Agência LUPA’s observatory tracked alarmist narratives and coordinated campaigns against the new legislation. The government raised YouTube’s age rating to 16.

Sources: Agência LUPA | G1.

#4 At Bett Show Brazil, experts point to a coming-of-age moment for edtech

Education leaders argue that Brazil’s edtech ecosystem is no longer dazzled by silver-bullet solutions. Read the full piece.

Source: Bett Show Brasil.

#5 Journalist targeted by Trump wins the 2026 Pulitzer Prize for Public Service

The Washington Post series exposed the impact of federal cuts to US agencies during the first months of the new administration.

Source: G1.

READING RECOMMENDATION 📚

Aos Pés da Letra (By the Letter)

Author: Gregorio Duvivier

Publisher: Companhia das Letras

Year: 2026

I bought tickets to take my family to see Gregorio’s play O Céu da Língua (“The Sky of Language”). Through twists of fate, I haven’t managed to catch a performance yet. So I gave in and bought the book instead.
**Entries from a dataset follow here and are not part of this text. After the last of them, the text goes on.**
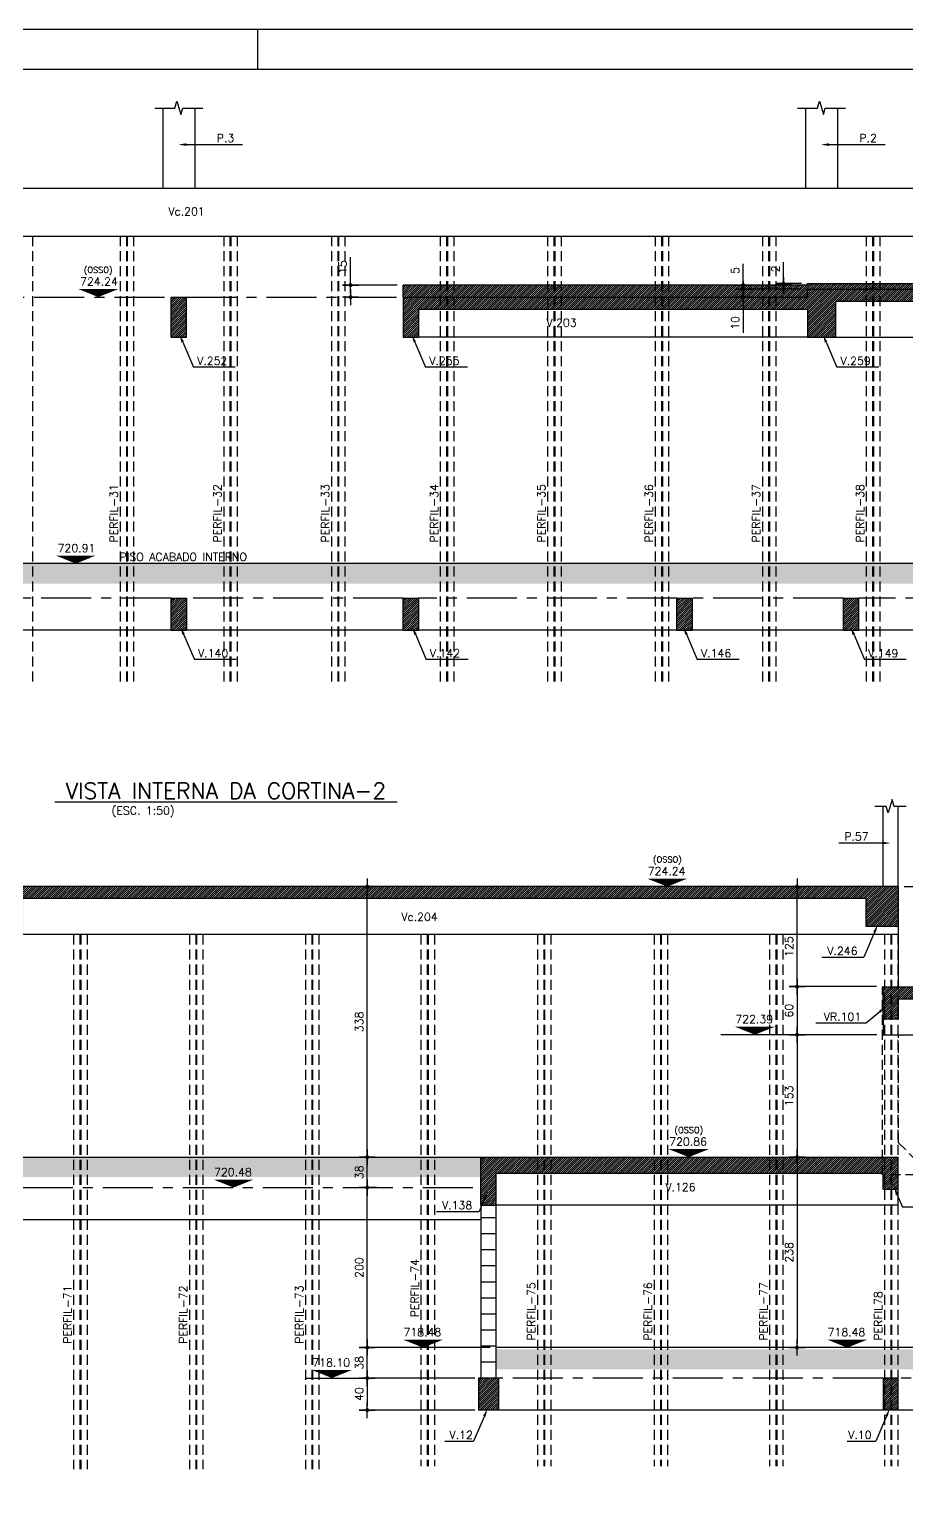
# Model space of a CAD drawing. Header units: inches. Extents: x 0 to 5940, y 0 to 4205.
# Drawn here: x 1955 to 3051, y 2370 to 4205 of the extents above; entities that cross this region are included whole.
import ezdxf
from ezdxf.enums import TextEntityAlignment as Align

# ---------------------------------------------------------------- set-up
doc = ezdxf.new("R2010")
doc.units = ezdxf.units.IN
doc.header["$LTSCALE"] = 50
doc.header["$MEASUREMENT"] = 0
doc.linetypes.add('CENTER', pattern=[2, 1.25, -0.25, 0.25, -0.25])
doc.linetypes.add('HIDDEN', pattern=[0.375, 0.25, -0.125])
for name, color, linetype in [('ATERRO', 253, 'Continuous'), ('CORTE-FORMA', 1, 'Continuous'), ('COTA', 6, 'Continuous'), ('FOLHA', 7, 'Continuous'), ('NIVEL', 3, 'Continuous'), ('TEXTO', 3, 'Continuous'), ('TEXTO_PERFIL', 4, 'Continuous'), ('VISTAS', 2, 'Continuous')]:
    doc.layers.add(name, color=color, linetype=linetype)
doc.styles.add('060CL', font='simplex.shx', dxfattribs={"height": 11.25})
doc.styles.add('ROMANS', font='romans.shx')
doc.dimstyles.new('COTA_50', dxfattribs={"dimscale": 5, "dimtxt": 2, "dimasz": 1, "dimexe": 2, "dimexo": 1.5, "dimgap": 1, "dimtad": 1, "dimzin": 12, "dimdsep": 46, "dimtxsty": 'ROMANS', "dimblk1": 'COTA', "dimblk2": 'COTA', "dimsah": 1, "dimcen": -4, "dimdle": 1.5, "dimclrd": 6, "dimclre": 6, "dimclrt": 3, "dimadec": 0, "dimazin": 0, "dimtfac": 1, "dimtofl": 0, "dimtmove": 0, "dimatfit": 3, "dimldrblk": 'COTA', "dimfxl": 1, "dimtolj": 1, "dimtzin": 12, "dimarcsym": 0})
pattern_1 = [(45, (1113.1584, 8112.7046), (-1.3258252, 1.3258252), [])]
pattern_2 = [(45, (-4682.6648, 13250.9905), (-1.32582521, 1.32582521), [])]

# ---------------------------------------------------------------- blocks, each defined once
blk = doc.blocks.new('COTA')
at = {"layer": 'COTA'}
for p, q in [((2, 0), (-2, 0)), ((0, -2), (0, 2))]:
    blk.add_line(p, q, dxfattribs=at)
at = {"layer": 'COTA', "const_width": 0.5}
blk.add_lwpolyline([(-0.25, 0, 1), (0.25, 0, 1)], format="xyb", close=True, dxfattribs=at)
blk = doc.blocks.new('*D24')
at = {"layer": 'COTA', "color": 6, "lineweight": -2, "transparency": 16777216}
for p, q in [((3047.7, 3133.9), (3266, 3133.9)), ((3256, 3076.4), (3256, 3128.9)), ((3262.7, 3071.4), (3246, 3071.4))]:
    blk.add_line(p, q, dxfattribs=at)
at = {"layer": 'Defpoints', "color": 0, "transparency": 16777216}
for p in [(3040.2, 3133.9), (3256, 3133.9), (3270.2, 3071.4)]:
    blk.add_point(p, dxfattribs=at)
at = {"layer": 'COTA', "color": 6, "lineweight": -2, "transparency": 16777216, "xscale": 5, "yscale": 5, "zscale": 5}
for p, rotation in [((3256, 3133.9), 90), ((3256, 3071.4), 270)]:
    blk.add_blockref('COTA', p, dxfattribs=dict(at, rotation=rotation))
at = {"layer": 'COTA', "color": 3, "transparency": 16777216, "insert": (3246, 3102.6), "char_height": 10, "attachment_point": 5, "rotation": 90, "style": 'ROMANS'}
blk.add_mtext('\\A1;62.5', dxfattribs=at)
blk = doc.blocks.new('*D25')
at = {"layer": 'COTA', "color": 6, "lineweight": -2, "transparency": 16777216}
for p, q in [((2530.2, 2557.9), (2366.7, 2557.9)), ((2376.7, 2524.9), (2376.7, 2552.9)), ((2511.2, 2519.9), (2366.7, 2519.9))]:
    blk.add_line(p, q, dxfattribs=at)
at = {"layer": 'Defpoints', "color": 0, "transparency": 16777216}
for p in [(2376.7, 2557.9), (2537.7, 2557.9), (2518.7, 2519.9)]:
    blk.add_point(p, dxfattribs=at)
at = {"layer": 'COTA', "color": 6, "lineweight": -2, "transparency": 16777216, "xscale": 5, "yscale": 5, "zscale": 5}
for p, rotation in [((2376.7, 2557.9), 90), ((2376.7, 2519.9), 270)]:
    blk.add_blockref('COTA', p, dxfattribs=dict(at, rotation=rotation))
at = {"layer": 'COTA', "color": 3, "transparency": 16777216, "insert": (2366.7, 2538.9), "char_height": 10, "attachment_point": 5, "rotation": 90, "style": 'ROMANS'}
blk.add_mtext('\\A1;38', dxfattribs=at)
blk = doc.blocks.new('*D26')
at = {"layer": 'COTA', "color": 6, "lineweight": -2, "transparency": 16777216}
for p, q in [((2511.2, 2519.9), (2366.7, 2519.9)), ((2376.7, 2514.9), (2376.7, 2484.9)), ((2511.2, 2479.9), (2366.7, 2479.9))]:
    blk.add_line(p, q, dxfattribs=at)
at = {"layer": 'Defpoints', "color": 0, "transparency": 16777216}
for p in [(2518.7, 2519.9), (2376.7, 2479.9), (2518.7, 2479.9)]:
    blk.add_point(p, dxfattribs=at)
at = {"layer": 'COTA', "color": 6, "lineweight": -2, "transparency": 16777216, "xscale": 5, "yscale": 5, "zscale": 5}
for p, rotation in [((2376.7, 2519.9), 90), ((2376.7, 2479.9), 270)]:
    blk.add_blockref('COTA', p, dxfattribs=dict(at, rotation=rotation))
at = {"layer": 'COTA', "color": 3, "transparency": 16777216, "insert": (2366.7, 2499.9), "char_height": 10, "attachment_point": 5, "rotation": 90, "style": 'ROMANS'}
blk.add_mtext('\\A1;40', dxfattribs=at)
blk = doc.blocks.new('*D27')
at = {"layer": 'COTA', "color": 6, "lineweight": -2, "transparency": 16777216}
for p, q in [((2388.3, 2757.9), (2366.7, 2757.9)), ((2376.7, 2562.9), (2376.7, 2752.9)), ((2388.3, 2557.9), (2366.7, 2557.9))]:
    blk.add_line(p, q, dxfattribs=at)
at = {"layer": 'Defpoints', "color": 0, "transparency": 16777216}
for p in [(2376.7, 2757.9), (2395.8, 2757.9), (2395.8, 2557.9)]:
    blk.add_point(p, dxfattribs=at)
at = {"layer": 'COTA', "color": 6, "lineweight": -2, "transparency": 16777216, "xscale": 5, "yscale": 5, "zscale": 5}
for p, rotation in [((2376.7, 2757.9), 90), ((2376.7, 2557.9), 270)]:
    blk.add_blockref('COTA', p, dxfattribs=dict(at, rotation=rotation))
at = {"layer": 'COTA', "color": 3, "transparency": 16777216, "insert": (2366.7, 2657.9), "char_height": 10, "attachment_point": 5, "rotation": 90, "style": 'ROMANS'}
blk.add_mtext('\\A1;200', dxfattribs=at)
blk = doc.blocks.new('*D28')
at = {"layer": 'COTA', "color": 6, "lineweight": -2, "transparency": 16777216}
for p, q in [((2368.6, 2795.9), (2386.7, 2795.9)), ((2376.7, 2762.9), (2376.7, 2790.9)), ((2368.7, 2757.9), (2386.7, 2757.9))]:
    blk.add_line(p, q, dxfattribs=at)
at = {"layer": 'Defpoints', "color": 0, "transparency": 16777216}
for p in [(2361.1, 2795.9), (2376.7, 2795.9), (2361.2, 2757.9)]:
    blk.add_point(p, dxfattribs=at)
at = {"layer": 'COTA', "color": 6, "lineweight": -2, "transparency": 16777216, "xscale": 5, "yscale": 5, "zscale": 5}
for p, rotation in [((2376.7, 2795.9), 90), ((2376.7, 2757.9), 270)]:
    blk.add_blockref('COTA', p, dxfattribs=dict(at, rotation=rotation))
at = {"layer": 'COTA', "color": 3, "transparency": 16777216, "insert": (2366.7, 2776.9), "char_height": 10, "attachment_point": 5, "rotation": 90, "style": 'ROMANS'}
blk.add_mtext('\\A1;38', dxfattribs=at)
blk = doc.blocks.new('*D36')
at = {"layer": 'COTA', "color": 6, "lineweight": -2, "transparency": 16777216}
for p, q in [((2913.8, 3013.9), (2913.8, 3128.9)), ((2916.3, 3133.9), (2923.8, 3133.9)), ((3013.2, 3008.9), (2903.8, 3008.9))]:
    blk.add_line(p, q, dxfattribs=at)
at = {"layer": 'Defpoints', "color": 0, "transparency": 16777216}
for p in [(2908.8, 3133.9), (2913.8, 3133.9), (3020.7, 3008.9)]:
    blk.add_point(p, dxfattribs=at)
at = {"layer": 'COTA', "color": 6, "lineweight": -2, "transparency": 16777216, "xscale": 5, "yscale": 5, "zscale": 5}
for p, rotation in [((2913.8, 3133.9), 90), ((2913.8, 3008.9), 270)]:
    blk.add_blockref('COTA', p, dxfattribs=dict(at, rotation=rotation))
at = {"layer": 'COTA', "color": 3, "transparency": 16777216, "insert": (2903.8, 3059), "char_height": 10, "attachment_point": 5, "rotation": 90, "style": 'ROMANS'}
blk.add_mtext('\\A1;125', dxfattribs=at)
blk = doc.blocks.new('*D37')
at = {"layer": 'COTA', "color": 6, "lineweight": -2, "transparency": 16777216}
for p, q in [((3013.2, 3008.9), (2903.8, 3008.9)), ((2913.8, 3003.9), (2913.8, 2953.9)), ((3013.7, 2948.9), (2903.8, 2948.9))]:
    blk.add_line(p, q, dxfattribs=at)
at = {"layer": 'Defpoints', "color": 0, "transparency": 16777216}
for p in [(3020.7, 3008.9), (2913.8, 2948.9), (3021.2, 2948.9)]:
    blk.add_point(p, dxfattribs=at)
at = {"layer": 'COTA', "color": 6, "lineweight": -2, "transparency": 16777216, "xscale": 5, "yscale": 5, "zscale": 5}
for p, rotation in [((2913.8, 3008.9), 90), ((2913.8, 2948.9), 270)]:
    blk.add_blockref('COTA', p, dxfattribs=dict(at, rotation=rotation))
at = {"layer": 'COTA', "color": 3, "transparency": 16777216, "insert": (2903.8, 2978.9), "char_height": 10, "attachment_point": 5, "rotation": 90, "style": 'ROMANS'}
blk.add_mtext('\\A1;60', dxfattribs=at)
blk = doc.blocks.new('*D85')
at = {"layer": 'COTA', "color": 6, "lineweight": -2, "transparency": 16777216}
for p, q in [((2385.1, 3133.9), (2366.7, 3133.9)), ((2376.7, 2800.9), (2376.7, 3128.9)), ((2385.1, 2795.9), (2366.7, 2795.9))]:
    blk.add_line(p, q, dxfattribs=at)
at = {"layer": 'Defpoints', "color": 0, "transparency": 16777216}
for p in [(2376.7, 3133.9), (2392.6, 3133.9), (2392.6, 2795.9)]:
    blk.add_point(p, dxfattribs=at)
at = {"layer": 'COTA', "color": 6, "lineweight": -2, "transparency": 16777216, "xscale": 5, "yscale": 5, "zscale": 5}
for p, rotation in [((2376.7, 3133.9), 90), ((2376.7, 2795.9), 270)]:
    blk.add_blockref('COTA', p, dxfattribs=dict(at, rotation=rotation))
at = {"layer": 'COTA', "color": 3, "transparency": 16777216, "insert": (2366.7, 2964.9), "char_height": 10, "attachment_point": 5, "rotation": 90, "style": 'ROMANS'}
blk.add_mtext('\\A1;338', dxfattribs=at)
blk = doc.blocks.new('*D86')
at = {"layer": 'COTA', "color": 6, "lineweight": -2, "transparency": 16777216}
for p, q in [((2919.7, 2948.9), (2903.8, 2948.9)), ((2913.8, 2943.9), (2913.8, 2800.9)), ((2919.7, 2795.9), (2903.8, 2795.9))]:
    blk.add_line(p, q, dxfattribs=at)
at = {"layer": 'Defpoints', "color": 0, "transparency": 16777216}
for p in [(2927.2, 2948.9), (2913.8, 2795.9), (2927.2, 2795.9)]:
    blk.add_point(p, dxfattribs=at)
at = {"layer": 'COTA', "color": 6, "lineweight": -2, "transparency": 16777216, "xscale": 5, "yscale": 5, "zscale": 5}
for p, rotation in [((2913.8, 2948.9), 90), ((2913.8, 2795.9), 270)]:
    blk.add_blockref('COTA', p, dxfattribs=dict(at, rotation=rotation))
at = {"layer": 'COTA', "color": 3, "transparency": 16777216, "insert": (2903.8, 2872.4), "char_height": 10, "attachment_point": 5, "rotation": 90, "style": 'ROMANS'}
blk.add_mtext('\\A1;153', dxfattribs=at)
blk = doc.blocks.new('*D87')
at = {"layer": 'COTA', "color": 6, "lineweight": -2, "transparency": 16777216}
for p, q in [((2919.7, 2795.9), (2903.8, 2795.9)), ((2913.8, 2790.9), (2913.8, 2562.9)), ((2919.7, 2557.9), (2903.8, 2557.9))]:
    blk.add_line(p, q, dxfattribs=at)
at = {"layer": 'Defpoints', "color": 0, "transparency": 16777216}
for p in [(2927.2, 2795.9), (2913.8, 2557.9), (2927.2, 2557.9)]:
    blk.add_point(p, dxfattribs=at)
at = {"layer": 'COTA', "color": 6, "lineweight": -2, "transparency": 16777216, "xscale": 5, "yscale": 5, "zscale": 5}
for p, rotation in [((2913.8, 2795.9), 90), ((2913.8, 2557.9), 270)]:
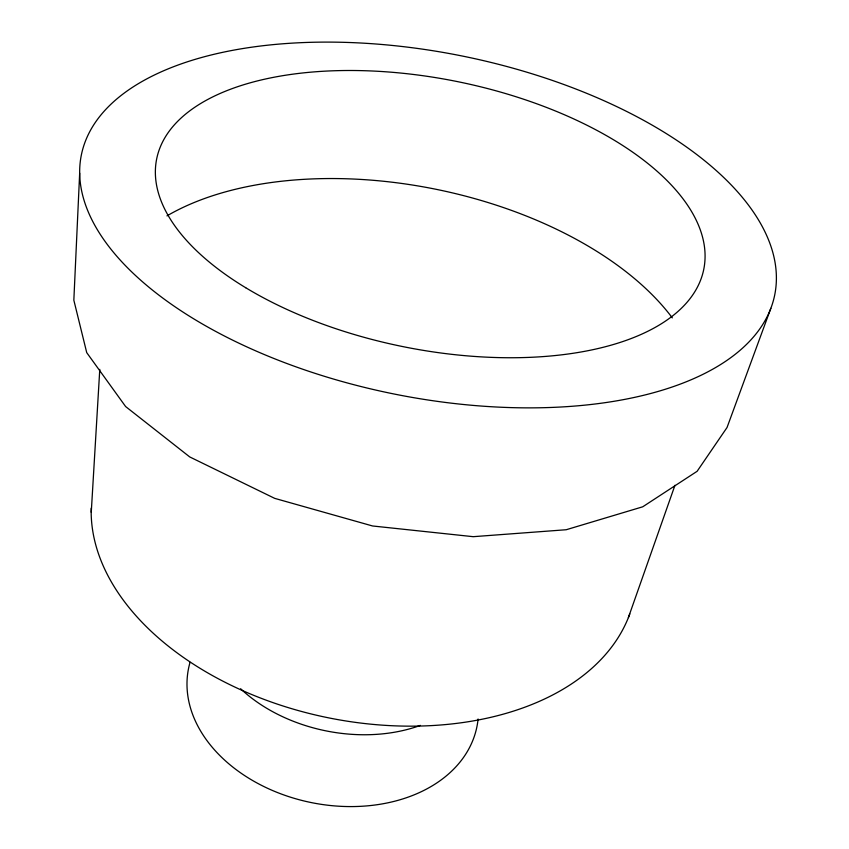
<?xml version="1.0" encoding="UTF-8"?>
<svg xmlns="http://www.w3.org/2000/svg" width="849" height="849" viewBox="0 0 849 849"><rect width="100%" height="100%" fill="white"/><g stroke="black" fill="none" stroke-linecap="round" stroke-linejoin="round"><path stroke-width="1.27" d="M79.668 173.143L73.842 300.196L86.725 352.632L125.62 406.544L189.73 456.932L274.673 498.352L372.573 525.977L473.243 536.685L566.209 529.734L642.725 506.8L697.114 471.301L727.041 427.493L770.828 308.346A353.683 172.4 11.4 0 0 310.363 42.333A353.683 172.4 11.4 0 0 202.9 324.276A353.683 172.4 11.4 0 0 770.828 308.346M99.779 369.379L91.183 513.571A275.936 178.608 11.4 0 0 334.846 719.061A275.936 178.608 11.4 0 0 629.799 613.891M628.377 617.616L674.966 485.278M91.172 512.234A275.936 178.608 11.4 0 1 91.204 508.211M166.966 215.879A303.295 167.635 11.4 0 1 672.312 317.876M420.361 725.396A138.557 96.722 11.4 0 1 240.617 688.741M478.083 719.007A147.1 107.154 11.4 0 1 312.464 802.814A147.1 107.154 11.4 0 1 190.049 662.316M245.69 287.715A279.056 135.278 11.4 0 0 698.897 284.128A279.056 135.278 11.4 0 0 346.074 70.509A279.056 135.278 11.4 0 0 245.69 287.715"/></g></svg>

Pure Brazilian essence, distilled with the very thing that has brought us this far: our language. The reading is light, smart and timely. Anyone who understands how words work — where they come from, what they carry, even how they can be used to manipulate a society — holds a tool no synthetic voter can replicate: critical analysis, and the ability to get the joke. Onward we go, because everything would be funnier if it weren’t so tragic.